Don´t let us discourage you . 
Shooting in manual mode is great, now you need to get an idea how you can control your output. A good way to start is the histogram. Do some reading about what it tells you and you´ll immediately be able to better judge your images in camera.
Another good idea is to shoot in RAW mode - that will give you better options to get the best out of your images - even though they might not be correctly exposed.
Your fear of taking too much time of your model is something that we all went through. Look for people that like to be photographed - there are many out there - if you are on facebook, you could publicly ask if somebody is willing to help you get better in photography by modelling for you. Maybe somebody reads it and is more than happy to spend an hour or more with you and get some pictures. Or just ask your family or friends.
In regard to the original image - there is still that halo to the left of her hair and above her head - so there must have been some in camera processing that is pretty bad to be honest. Check your settings and consider deactivating some functions that brighten the shadows.


----------



## KmH (Feb 8, 2017)

Inklingforsake said:


> I am tempted to buy external flash because when I used the inbuilt flash, the light was very harsh....

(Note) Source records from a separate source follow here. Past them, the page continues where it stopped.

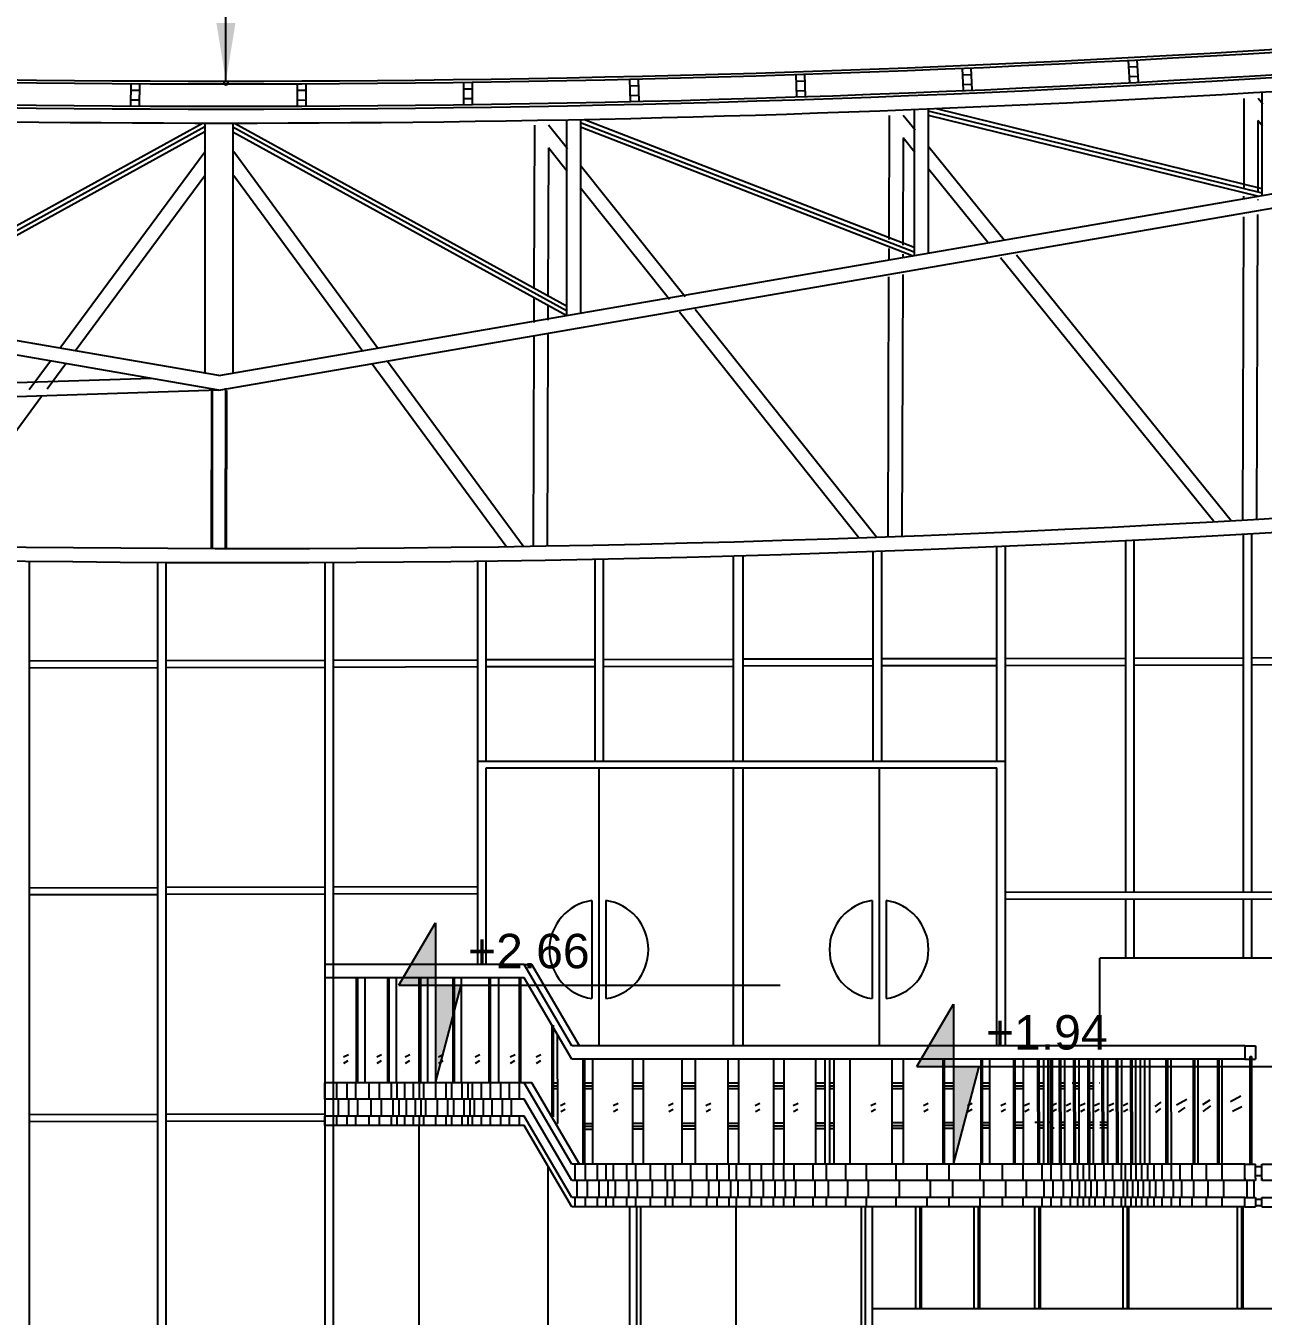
# Model space of a CAD drawing. Extents: x -30 to 1202, y 231 to 898.
# Drawn here: x 224.9 to 278, y 785.3 to 840.6 of the extents above; entities that cross this region are included whole.
import ezdxf

# ---------------------------------------------------------------- set-up
doc = ezdxf.new("R2010")
doc.units = 0
doc.header["$LTSCALE"] = 0.04
for name, color, linetype in [('0.05', 254, 'CONTINUOUS'), ('0.1', 1, 'CONTINUOUS'), ('0.2', 2, 'CONTINUOUS'), ('0.3', 3, 'CONTINUOUS'), ('0.5', 5, 'CONTINUOUS')]:
    doc.layers.add(name, color=color, linetype=linetype)
doc.styles.add('Amir', font='l_10646.ttf', dxfattribs={"height": 0.15})
doc.styles.get("Standard").update_dxf_attribs({"font": 'romans.shx'})
doc.styles.add('STYLE2', font='arial.ttf')
doc.dimstyles.get("Standard").update_dxf_attribs({"dimtxt": 0.18, "dimasz": 0.18, "dimexe": 0.18, "dimexo": 0.0625, "dimgap": 0.09, "dimtad": 0, "dimtih": 1, "dimtoh": 1, "dimdec": 4, "dimzin": 0, "dimdsep": 46, "dimtxsty": 'Standard', "dimcen": 0.09, "dimadec": 0, "dimazin": 0, "dimtfac": 1, "dimtdec": 4, "dimtofl": 0, "dimtmove": 0, "dimatfit": 3, "dimfxl": 1, "dimtolj": 1, "dimtzin": 0, "dimarcsym": 0})

msp = doc.modelspace()

# ---------------------------------------------------------------- hatches: boundary and pattern name
at = {"layer": '0.2'}
h = msp.add_hatch(color=256, dxfattribs=at)
h.paths.add_polyline_path([(240.908, 799.488), (242.47, 799.488), (242.47, 802.164)])
h.paths.add_polyline_path([(242.47, 795.297), (243.581, 799.488), (242.47, 799.488)])
h = msp.add_hatch(color=256, dxfattribs=at)
h.paths.add_polyline_path([(263.13, 795.999), (264.692, 795.999), (264.692, 798.676)])
h.paths.add_polyline_path([(264.692, 791.808), (265.803, 795.999), (264.692, 795.999)])

# ---------------------------------------------------------------- linework, layer by layer
at = {"layer": '0.05'}
for p, q in [((277.138, 803.49), (277.138, 818.84)), ((277.498, 803.49), (277.498, 818.86)), ((266.562, 809.105), (266.562, 818.309)), ((266.922, 796.882), (266.922, 818.325)), ((272.085, 803.483), (272.085, 818.567)), ((272.445, 803.484), (272.445, 818.586)), ((225.062, 783.758), (225.062, 817.679)), ((230.558, 783.758), (230.558, 817.629)), ((230.918, 783.758), (230.918, 817.628)), ((237.727, 817.626), (237.727, 783.758)), ((238.087, 817.628), (238.087, 783.758)), ((244.289, 800.371), (244.289, 817.683)), ((244.649, 809.105), (244.649, 817.688)), ((249.325, 809.105), (249.325, 817.767)), ((249.685, 809.105), (249.685, 817.774)), ((255.261, 809.105), (255.261, 817.908)), ((255.681, 809.105), (255.681, 817.92)), ((261.257, 809.105), (261.257, 818.1)), ((261.617, 809.105), (261.617, 818.113)), ((225.062, 813.403), (230.558, 813.417)), ((230.918, 813.418), (237.727, 813.435)), ((238.087, 813.436), (244.289, 813.452)), ((244.649, 813.453), (249.325, 813.465)), ((249.685, 813.465), (255.261, 813.48)), ((255.681, 813.481), (261.257, 813.495)), ((255.681, 813.181), (261.257, 813.195)), ((261.617, 813.496), (266.562, 813.508)), ((261.617, 813.196), (266.562, 813.208)), ((266.922, 813.509), (272.085, 813.522)), ((266.922, 813.209), (272.085, 813.222)), ((272.445, 813.523), (277.138, 813.535)), ((272.445, 813.223), (277.138, 813.235)), ((277.498, 813.536), (281.838, 813.547)), ((277.498, 813.236), (281.838, 813.247)), ((225.062, 813.103), (230.558, 813.117)), ((230.918, 813.118), (237.727, 813.135)), ((238.087, 813.136), (244.289, 813.152)), ((244.649, 813.153), (249.325, 813.165)), ((249.685, 813.165), (255.261, 813.18)), ((244.289, 809.105), (266.922, 809.105)), ((244.649, 808.805), (266.562, 808.805)), ((244.649, 800.371), (244.649, 808.805)), ((249.486, 808.805), (249.486, 796.882)), ((255.261, 796.882), (255.261, 808.805)), ((255.681, 796.882), (255.681, 808.805)), ((261.502, 808.805), (261.502, 796.882)), ((266.562, 796.882), (266.562, 808.805)), ((225.062, 803.671), (230.558, 803.685)), ((225.062, 803.371), (230.558, 803.385)), ((230.918, 803.686), (237.727, 803.703)), ((230.918, 803.386), (237.727, 803.403)), ((238.087, 803.704), (244.289, 803.72)), ((238.087, 803.404), (244.289, 803.42)), ((266.922, 803.477), (286.441, 803.502)), ((249.186, 803.118), (249.186, 798.91)), ((249.786, 803.118), (249.786, 798.91)), ((261.202, 803.118), (261.202, 798.91)), ((261.802, 803.118), (261.802, 798.91)), ((266.923, 803.177), (286.442, 803.202)), ((272.085, 800.652), (272.085, 803.183)), ((272.445, 800.652), (272.445, 803.184)), ((277.138, 800.652), (277.138, 803.19)), ((277.498, 800.652), (277.498, 803.19)), ((225.062, 793.939), (230.558, 793.953)), ((230.918, 793.954), (237.726, 793.971)), ((225.062, 793.639), (230.558, 793.653)), ((230.918, 793.654), (237.727, 793.671)), ((241.772, 782.632), (241.772, 793.468)), ((247.302, 778.709), (247.302, 791.724)), ((250.809, 783.458), (250.809, 789.979)), ((251.109, 783.458), (251.109, 789.979)), ((251.289, 783.458), (251.289, 789.979)), ((255.377, 783.458), (255.373, 789.979)), ((260.747, 783.458), (260.747, 789.979)), ((260.927, 783.458), (260.927, 789.979)), ((261.227, 783.458), (261.227, 789.979)), ((263.086, 785.614), (263.086, 789.979)), ((263.266, 785.614), (263.266, 789.979)), ((263.326, 785.614), (263.326, 789.979)), ((265.584, 785.614), (265.584, 789.979)), ((265.764, 785.614), (265.764, 789.979)), ((265.824, 785.614), (265.824, 789.979)), ((268.191, 785.614), (268.191, 789.979)), ((268.371, 785.614), (268.371, 789.979)), ((268.431, 785.614), (268.431, 789.979)), ((271.982, 785.614), (271.982, 789.979)), ((272.162, 785.614), (272.162, 789.979)), ((272.222, 785.614), (272.222, 789.979)), ((276.883, 785.614), (276.883, 789.979)), ((277.063, 785.614), (277.063, 789.979)), ((277.123, 785.614), (277.123, 789.979)), ((261.227, 785.614), (280.858, 785.614))]:
    msp.add_line(p, q, dxfattribs=at)
for centre, start, end in [((249.486, 801.014), 98.1154, 261.8846), ((249.486, 801.014), 278.1154, 81.8846), ((261.502, 801.014), 98.1154, 261.8846), ((261.502, 801.014), 278.1154, 81.8846)]:
    msp.add_arc(centre, 2.125, start, end, dxfattribs=at)
at = {"layer": '0.1'}
for p, q in [((277.16, 837.527), (277.147, 833.707)), ((277.963, 837.284), (277.765, 837.525)), ((261.94, 836.796), (261.921, 831.472)), ((263.047, 836.173), (262.545, 836.794)), ((277.761, 836.578), (277.751, 833.557)), ((277.96, 836.337), (277.761, 836.578)), ((246.722, 836.378), (246.697, 829.362)), ((248.133, 835.363), (247.326, 836.375)), ((247.323, 835.409), (247.3, 829.027)), ((248.129, 834.397), (247.323, 835.409)), ((262.541, 835.837), (262.525, 831.235)), ((263.044, 835.216), (262.541, 835.837)), ((266.871, 831.449), (263.645, 835.435)), ((226.355, 826.814), (232.584, 835.233)), ((240.019, 826.79), (233.82, 835.231)), ((253.188, 829.014), (248.73, 834.612)), ((266.189, 831.331), (263.641, 834.478)), ((227.022, 826.699), (232.584, 834.217)), ((239.352, 826.677), (233.817, 834.215)), ((252.507, 828.899), (248.726, 833.646)), ((277.145, 833.337), (277.145, 833.222)), ((277.749, 833.186), (277.749, 833.163)), ((277.142, 832.448), (277.096, 819.443)), ((277.747, 832.55), (277.701, 819.478)), ((261.92, 831.086), (261.918, 830.594)), ((262.524, 830.849), (262.523, 830.698)), ((275.868, 819.373), (266.712, 830.685)), ((276.612, 819.415), (267.396, 830.8)), ((261.916, 829.874), (261.876, 818.727)), ((262.521, 829.977), (262.481, 818.749)), ((246.695, 828.951), (246.692, 827.917)), ((247.299, 828.616), (247.296, 828.019)), ((260.641, 818.683), (252.938, 828.357)), ((261.393, 818.709), (253.619, 828.472)), ((246.689, 827.301), (246.658, 818.323)), ((247.294, 827.403), (247.262, 818.333)), ((225.048, 825.047), (225.951, 826.267)), ((225.819, 825.073), (226.618, 826.152)), ((245.5, 818.305), (239.754, 826.129)), ((246.241, 818.316), (240.421, 826.242)), ((232.865, 825.001), (232.851, 818.225)), ((232.899, 825.105), (232.888, 818.225)), ((233.469, 825.104), (233.456, 818.224)), ((233.503, 825), (233.493, 818.224)), ((220.844, 818.348), (225.591, 824.765)), ((270.98, 796.882), (270.98, 800.652)), ((282.9, 800.652), (270.98, 800.652)), ((238.09, 799.797), (238.09, 795.297)), ((239.073, 799.797), (239.073, 795.297)), ((239.133, 799.797), (239.133, 795.297)), ((239.436, 799.797), (239.436, 795.297)), ((240.419, 799.797), (240.419, 795.297)), ((240.479, 799.797), (240.479, 795.297)), ((240.781, 799.797), (240.781, 795.297)), ((241.764, 799.797), (241.764, 795.297)), ((241.824, 799.797), (241.824, 795.297)), ((242.127, 799.797), (242.127, 795.297)), ((243.213, 799.797), (243.213, 795.297)), ((243.273, 799.797), (243.273, 795.297)), ((243.576, 799.797), (243.576, 795.297)), ((244.766, 799.797), (244.766, 795.297)), ((244.826, 799.797), (244.826, 795.297)), ((245.18, 799.797), (245.18, 795.297)), ((246.06, 799.797), (246.06, 795.297)), ((246.12, 799.797), (246.12, 795.297)), ((247.465, 797.773), (247.465, 793.834)), ((247.525, 797.773), (247.525, 793.834)), ((247.701, 797.369), (247.711, 793.554)), ((238.526, 796.413), (238.735, 796.517)), ((238.542, 796.148), (238.727, 796.26)), ((239.956, 796.413), (240.164, 796.517)), ((239.972, 796.148), (240.156, 796.26)), ((241.17, 796.413), (241.378, 796.517)), ((241.186, 796.148), (241.37, 796.26)), ((242.6, 796.413), (242.808, 796.517)), ((242.616, 796.148), (242.8, 796.26)), ((244.17, 796.413), (244.379, 796.517)), ((244.186, 796.148), (244.371, 796.26)), ((245.678, 796.413), (245.887, 796.517)), ((245.694, 796.148), (245.879, 796.26)), ((246.788, 796.413), (246.997, 796.517)), ((246.805, 796.148), (246.989, 796.26)), ((248.8, 796.308), (248.8, 791.808)), ((248.86, 796.308), (248.86, 791.808)), ((249.214, 796.308), (249.214, 791.808)), ((250.922, 796.308), (250.922, 791.808)), ((251.388, 796.308), (251.388, 791.808)), ((253.044, 796.308), (253.044, 791.808)), ((253.613, 796.308), (253.613, 791.808)), ((255.01, 796.308), (255.01, 791.808)), ((255.476, 796.308), (255.476, 791.808)), ((256.977, 796.308), (256.977, 791.808)), ((257.413, 796.308), (257.413, 791.808)), ((258.782, 796.308), (258.782, 791.808)), ((260.257, 796.308), (260.257, 791.808)), ((262.047, 796.308), (262.047, 791.808)), ((262.535, 796.308), (262.535, 791.808)), ((264.244, 796.308), (264.244, 791.808)), ((264.304, 796.308), (264.304, 791.808)), ((264.692, 796.308), (264.692, 791.808)), ((265.872, 796.308), (265.872, 791.808)), ((265.932, 796.308), (265.932, 791.808)), ((266.238, 796.308), (266.238, 791.808)), ((267.275, 796.308), (267.275, 791.808)), ((267.335, 796.308), (267.335, 791.808)), ((267.684, 796.308), (267.684, 791.808)), ((268.302, 796.308), (268.314, 791.808)), ((268.362, 796.308), (268.374, 791.808)), ((268.849, 796.308), (268.849, 791.808)), ((269.23, 796.308), (269.242, 791.808)), ((269.29, 796.309), (269.302, 791.809)), ((269.461, 796.308), (269.461, 791.808)), ((269.842, 796.308), (269.854, 791.808)), ((269.902, 796.309), (269.914, 791.809)), ((270.073, 796.308), (270.073, 791.808)), ((270.454, 796.308), (270.466, 791.808)), ((270.514, 796.309), (270.526, 791.809)), ((270.685, 796.308), (270.685, 791.808)), ((271.066, 796.308), (271.078, 791.808)), ((271.126, 796.309), (271.138, 791.809)), ((271.298, 796.308), (271.298, 791.808)), ((271.678, 796.308), (271.69, 791.808)), ((271.738, 796.309), (271.75, 791.809)), ((271.91, 796.308), (271.91, 791.808)), ((272.29, 796.308), (272.302, 791.808)), ((272.35, 796.309), (272.362, 791.809)), ((273.109, 796.308), (273.109, 791.808)), ((273.813, 796.308), (273.813, 791.808)), ((273.873, 796.308), (273.873, 791.808)), ((274.023, 796.308), (274.043, 791.808)), ((274.975, 796.308), (274.975, 791.808)), ((275.035, 796.308), (275.035, 791.808)), ((275.185, 796.308), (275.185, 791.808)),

The power output level of the built-in flash is adjustable.
Plus there are simple ways you can diffuse the light.

I made this photo in my kitchen using just 1/20th of full power for the built-in flash unit:


----------



## Designer (Feb 8, 2017)

Inklingforsake said:


> .. when I used the inbuilt flash, the light was very harsh....


Making precise adjustments to the power of the built-in flash requires either a flash meter or beaucoup experience (which is how Keith knows how much light).  Does your camera offer a "fill" setting?  That takes a lot of the guesswork out of it, and of course you can still make further adjustments for subsequent shots.


----------



## Inklingforsake (Feb 8, 2017)

Thank you all again for useful suggestions! I appreciate it.

Yes, my camera does have adjustable built-in flash but I was using a 300mm zoom lens so I didn't think to use it. I had just used it once before this and was terrified of how harsh the light was .... I will play around with the adjustments to learn more. Thank you!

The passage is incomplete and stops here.